Huawei's global services push

Kris Szaniawski/Informa Telecoms and Media
15 May 2014

This year’s Huawei Global Analyst Summit in Shenzhen felt like it had fewer product and service announcements than last year’s, but nevertheless it managed to deliver interesting insights into the vendor’s changing business focus – not the least of which is the relentless expansion of the vendor’s global-services business – and what might be driving it.

Huawei’s determined expansion of its global-services business continues to deliver results. Its Global Services business unit experienced 21% year-on-year revenue growth in 2013, compared with a mere 4% for the Carrier Network business and 8.5% for Huawei as a whole. Double-digit growth is never easy to sustain over an extended period, but the vendor is not expecting any serious slowdown yet and forecasts that its Global Services business will grow 17% in 2014.

The growth in Global Services is part of a larger business shift taking place within Huawei. The Carrier Network unit accounts for 70% of business, a figure that the vendor expects to fall to 50-60% by 2018 as revenues from its Enterprise and Consumer business units expand. However, it is the services part of the business that will bolster the Carrier Network group’s revenues over the next few years, and the vendor expects Global Services to become the biggest component of its Carrier Network business.

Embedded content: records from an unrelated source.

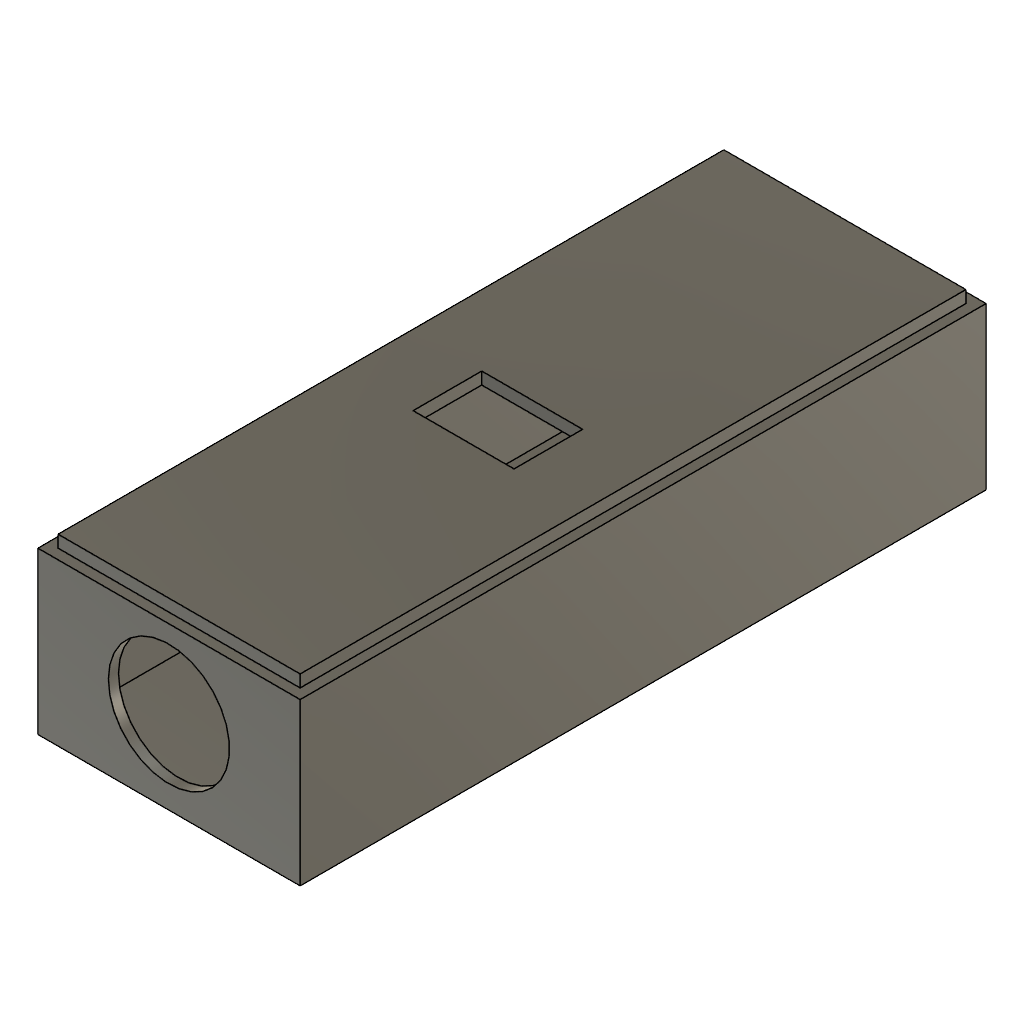
Agua clara Case final (Autodesk Fusion 360 design; units mm, degrees)
part number: 2026-11-20-14-22-47-678
Autodesk Fusion 360 part; units mm, degrees
sketch "Boceto1" plane through (0, 0, 0) normal (0, 0, 1) x (1, 0, 0)
  line L0 (0, 0) -> (65, 0)
  line L1 (65, 0) -> (65, 170)
  line L2 (65, 170) -> (0, 170)
  line L3 (0, 170) -> (0, 0)
  dimension "d1" = 65
  dimension "d2" = 170
  constraint horizontal L0
  constraint vertical L1
  constraint horizontal L2
  constraint vertical L3
  constraint coincident L0.start L3.end
  measures "d1" distance of L0.start L0.end
  measures "d2" distance of L0.start L2.end
extrude "Extruir1" add sketch "Boceto1" along normal blind 40 makes body 1
shell "Vaciado1" thickness 2.5 removed faces 1 at (21.6667, 113.3333, 40) on bodies 1
sketch "Boceto2" plane through (0, 0, 40) normal (0, 0, 1) x (-1, 0, 0)
  line L0 (-2.5, -167.5) -> (-62.5, -167.5)
  line L1 (-62.5, -167.5) -> (-62.5, -2.5)
  line L2 (-62.5, -2.5) -> (-2.5, -2.5)
  line L3 (-2.5, -2.5) -> (-2.5, -167.5)
  line L4 (0, -170) -> (0, 0)
  line L5 (0, 0) -> (-65, 0)
  line L6 (-65, 0) -> (-65, -170)
  line L7 (-65, -170) -> (0, -170)
  line L8 (-62.5, -167.5) -> (-62.5, -2.5)
  line L9 (-2.5, -167.5) -> (-62.5, -167.5)
  line L10 (-2.5, -2.5) -> (-2.5, -167.5)
  line L11 (-62.5, -2.5) -> (-2.5, -2.5)
extrude "Extruir2" add sketch "Boceto2" along normal blind 3 separate body contours L0 L1 L2 L3 L8 L9 L10 L11 makes body 2
sketch "Boceto3" plane through (0, 0, 0) normal (0, -1, 0) x (1, 0, 0)
  line L0 (0, 0) -> (65, 0)
  line L1 (65, 0) -> (65, 40)
  line L2 (65, 40) -> (0, 40)
  line L3 (0, 40) -> (0, 0)
  circle A0 centre (32.493, 20.6523) radius 15
  dimension "d8" = 30
  measures "d8" diameter of A0
extrude "Extruir3" cut sketch "Boceto3" along normal blind 3 and the other way blind 3 contours A0 bodies 1
sketch "Boceto4" plane through (0, 170, 0) normal (0, 1, 0) x (-1, 0, 0)
  line L0 (-65, 0) -> (0, 0)
  line L1 (0, 0) -> (0, 40)
  line L2 (0, 40) -> (-65, 40)
  line L3 (-65, 40) -> (-65, 0)
  line L4 (-60, 0) -> (-40, 0)
  line L5 (-40, 0) -> (-40, 10)
  line L6 (-40, 10) -> (-60, 10)
  line L7 (-60, 10) -> (-60, 0)
  dimension "d13" = 20
  constraint horizontal L4
  constraint vertical L5
  constraint horizontal L6
  constraint vertical L7
  constraint coincident L0 L4.start
  measures "d13" distance of L4.start L4.end
extrude "Extruir4" cut sketch "Boceto4" along normal blind 3 and the other way blind 3 contours L0 L4 L5 L6 L7 bodies 1
sketch "Boceto5" plane through (0, 0, 43) normal (0, 0, 1) x (-1, 0, 0)
  line L0 (-62.5, -2.5) -> (-62.5, -167.5)
  line L1 (-62.5, -167.5) -> (-2.5, -167.5)
  line L2 (-2.5, -167.5) -> (-2.5, -2.5)
  line L3 (-2.5, -2.5) -> (-62.5, -2.5)
  line L4 (-20, -90) -> (-45, -90)
  line L5 (-45, -90) -> (-45, -73)
  line L6 (-45, -73) -> (-20, -73)
  line L7 (-20, -73) -> (-20, -90)
  dimension "d18" = 25
  dimension "d19" = 17
  constraint horizontal L4
  constraint vertical L5
  constraint horizontal L6
  constraint vertical L7
  measures "d18" distance of L4.start L4.end
  measures "d19" distance of L4.start L6.end
extrude "Extruir5" cut sketch "Boceto5" along normal blind 3 and the other way blind 3 contours L4 L5 L6 L7 bodies 2
named bodies: "AguaClara_CajaInferior.V2", "AguaClara_TapaSuperior.V2"

What is driving this growth in services? Clearly, Huawei has a large base of existing network clients and implementations around the world into which it can sell its service offerings. This is something that Huawei’s CEO mentioned in his keynote, although he – or his translator – undersold what is currently occurring in the market by suggesting that Huawei’s services growth was something that just “happened naturally.”

Growing revenues in global services is not quite so effortless: There has to be something that helps the vendor position itself against more-established rivals such as Ericsson, NSN/Nokia and Alcatel-Lucent. In the early days, aggressive pricing played a role, as did Huawei’s willingness to throw any number of keenly priced engineers at an issue, but more recent wins suggest that a well-thought-through CEM strategy is one of the factors helping the vendor expand its services business.

It’s no coincidence that Huawei’s SmartCare CEM offering was one of few specific products or solutions to get a name-check in the opening keynotes at Huawei’s global analyst summit. This comes as little surprise, given the rapid growth this business is experiencing and the support this particular set of tools and capabilities is providing within Huawei’s broader Global Services business.